The directors called New Wave included a core group of film critics who moved from writing for Andre Bazin’s journal Cahiers du Cinema to making their own films: Claude Chabrol, Jean-Luc Godard, Francios Truffaut, Eric Rohmer, and Jacques Rivette. Beyond that, there are debates about who “counts” as New Wave. A group of intellectual/artist turned filmmakers referred to as “The Rive Gauche” group (i.e., the Left Bank, home of Sartre, De Bouvier, Beckett, Ionesco, and new novelists like Alain Robbe-Grillet) includes Agnes Varda, her husband Jacques Demy, Alain Resnais, and Chris Marker. Louis Malle is often affiliated with New Wave, although he got his start as a filmmaker far more conventionally, coming through the French Film Academy, codirecting an award-winning documentary with Jacques Costeau in the mid-50s and coming into filmmaking with a great deal of personal wealth that allowed him to use more professional production methods. Nonetheless, he adopted new methods and ideas, shot on location, disrupted continuity and characterizations, and frequently cast Jeanne Moreau, a major star of the New Wave. The emergence of the Cinema Verite documentary movement is closely associated with New Wave, and Jean Roch and Edgar Morin’s Chronicle of a Summer is commonly cited as an important New Wave documentary. But there are also 100 plus other first-time filmmakers listed in an issue of Cahiers as belonging to the New Wave.
French New Wave was enormously influential. Inspired by post-war Italian neo-realism, these filmmakers employed new high-speed cameras that allowed for documentary-like on-location filming on a much smaller budget and in much wider varieties of light than had been previously possible. Common film vocabulary, like camera shake, emerged from these lower-budget street-level shoots. It combined genre film and art film into new hybrid self-aware styles that would have an enormous influence on the American filmmakers of the 70s (Scorsese, Lucas, Spielberg), the 80s (De Palma), and the 90s (Tarantino, the Coen Brothers). It did not invent the famous “jump-cut” entirely, but it did popularize it and use it to great effect. (A jump-cut is an editing cut where the scene doesn’t significantly change, but it usually signifies a lapse in time). And most importantly, it developed the idea of the auteur as the primary creative author of films.
Auteur Theory
For contemporary film audiences, French New Wave is probably best known for having established auteur theory as a primary lens for understanding, marketing, and even producing film. Simply put, Auteur means “author,” and auteur theory is most widely understood as the idea that the director is the primary creative force and voice behind a film, like an author of a novel. But I think, lacking the context of the 1950s, the common understanding of this theory often misses key nuances of what was being argued and why.
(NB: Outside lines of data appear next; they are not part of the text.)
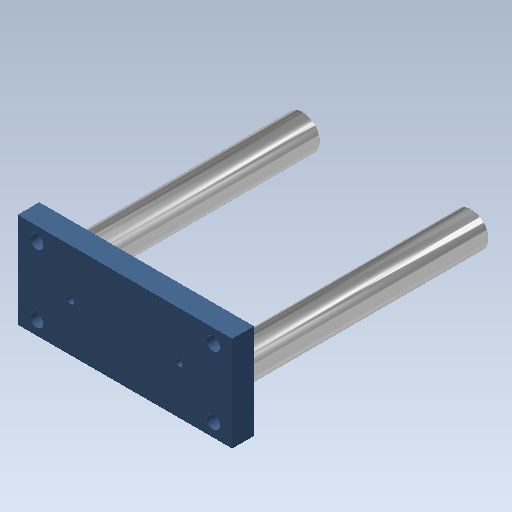
# Autodesk Inventor part: ADSK-MH-10030
Saved by Autodesk Inventor 2020.2 (Build 242310000, 310)
## iProperties
Created: 2008-03-10
Part Number: ADSK-MH-10030
Document SubType Name: Modeling
Designer: R.O'mahony
Density: 2.71 g/cm^3
Mass: 935.152 g
Surface Area: 590.255 cm^2
Volume: 345.074 cm^3
Material: Aluminum 6061
Appearance: Chrome - Polished
Description: Pneumatic Piston
Engineer: Demir Ali
Checked By: Demir Ali
Company: Autodesk Ltd
Author: R.O'mahony
Keywords: Roller Conveyor
Revision Number: A
Autodesk Inventor part; units mm, degrees
ref_plane "YZ Plane" through (0, 0, 0) normal (1, 0, 0) x (0, 1, 0)
ref_plane "XZ Plane" through (0, 0, 0) normal (0, 1, 0) x (-1, 0, 0)
ref_plane "XY Plane" through (0, 0, 0) normal (0, 0, 1) x (1, 0, 0)
sketch "Sketch1" plane through (0, 0, 0) normal (0, 0, 1) x (1, 0, 0)
  line L0 (2448.8434, -559.2477) -> (2606.8434, -559.2477)
  line L1 (2606.8434, -489.2477) -> (2448.8434, -489.2477)
  line L2 (2448.8434, -489.2477) -> (2448.8434, -559.2477)
  circle A0 centre (2462.8434, -549.2477) radius 5
  arc A1 (2487.8434, -526.7477) -> (2487.8434, -521.7477) centre (2487.8434, -524.2477) ccw
  arc A2 (2487.8434, -521.7477) -> (2487.8434, -526.7477) centre (2487.8434, -524.2477) ccw
  line L3 (2487.3434, -526.7477) -> (2488.3434, -526.7477)
  line L4 (2488.3434, -521.7477) -> (2487.3434, -521.7477)
  circle A3 centre (2462.8434, -499.2477) radius 5
  line L5 (2606.8434, -559.2477) -> (2606.8434, -489.2477)
  circle A4 centre (2592.8434, -549.2477) radius 5
  circle A5 centre (2592.8434, -499.2477) radius 5
  circle A6 centre (2567.8434, -524.2477) radius 2.5
  point P0 (0, 0)
  constraints: 12 end point, 7 centre point, 4 point on circle, 2 midpoint
extrude "Extrusion1" add sketch "Sketch1" along normal blind 16
sketch "Sketch2" plane through (0, 0, 0) normal (0, 0, -1) x (-1, 0, 0)
  circle A0 centre (-2487.8434, -524.2477) radius 2.5
  circle A1 centre (-2567.8434, -524.2477) radius 2.5
  circle A2 centre (-2589.8434, -524.2477) radius 12.5
  circle A3 centre (-2465.8434, -524.2477) radius 12.5
  line L0 (-2527.8434, -524.2477) -> (-2527.8434, -513.4708)
  point P0 (0, 0)
  dimension "d2" = 25
  dimension "d3" = 25
  dimension "d8" = 124
  dimension "d9" = 62
  constraints: 4 centre point, 2 end point
  measures "d2" diameter of A2
  measures "d3" diameter of A3
  measures "d8" distance of A3.centre A2.centre
  measures "d9" distance from line of A2.centre L0
extrude "Extrusion2" add sketch "Sketch2" along normal blind 177 contours A2 | A3
body "Solid1"

So, first of all, the idea that a director *could* play a major artistic role in shaping film production was not at all *new* in the 1950s when auteur emerged in French cinema journals. It was well known, for instance, that Charlie Chaplin, as star, writer, composer, and director, was the primary creative force of major films like City Lights and Modern Times. There are numerous other filmmakers from before the 50s that everyone understood to be primary creative forces in the films they made, like Orson Welles, Fritz Lang, and D.W. Griffith, to name a few who worked in the United States. It was even more clear in Europe with the films of, say, Bergman or Dreyer. Everyone knew they were the artists whose visions they were seeing on screen well before auteur theory emerged. These were all directors. However, it was not always the director who was understood to be the creative force. Many films based on plays were understood as more the work of the playwright. Comedians like the Marx Brothers didn’t direct their films but were the motivating creative forces. Within your average Hollywood studio system production, the director was understood as merely a role for hire, with the product understood as close to factory production with a division of labor orchestrated by the producer (who ultimately was responsible for putting together the package of star, script, director, genre, and advertising that would make or break the film—why the Oscars to this day award producers with “Best Picture” trophies.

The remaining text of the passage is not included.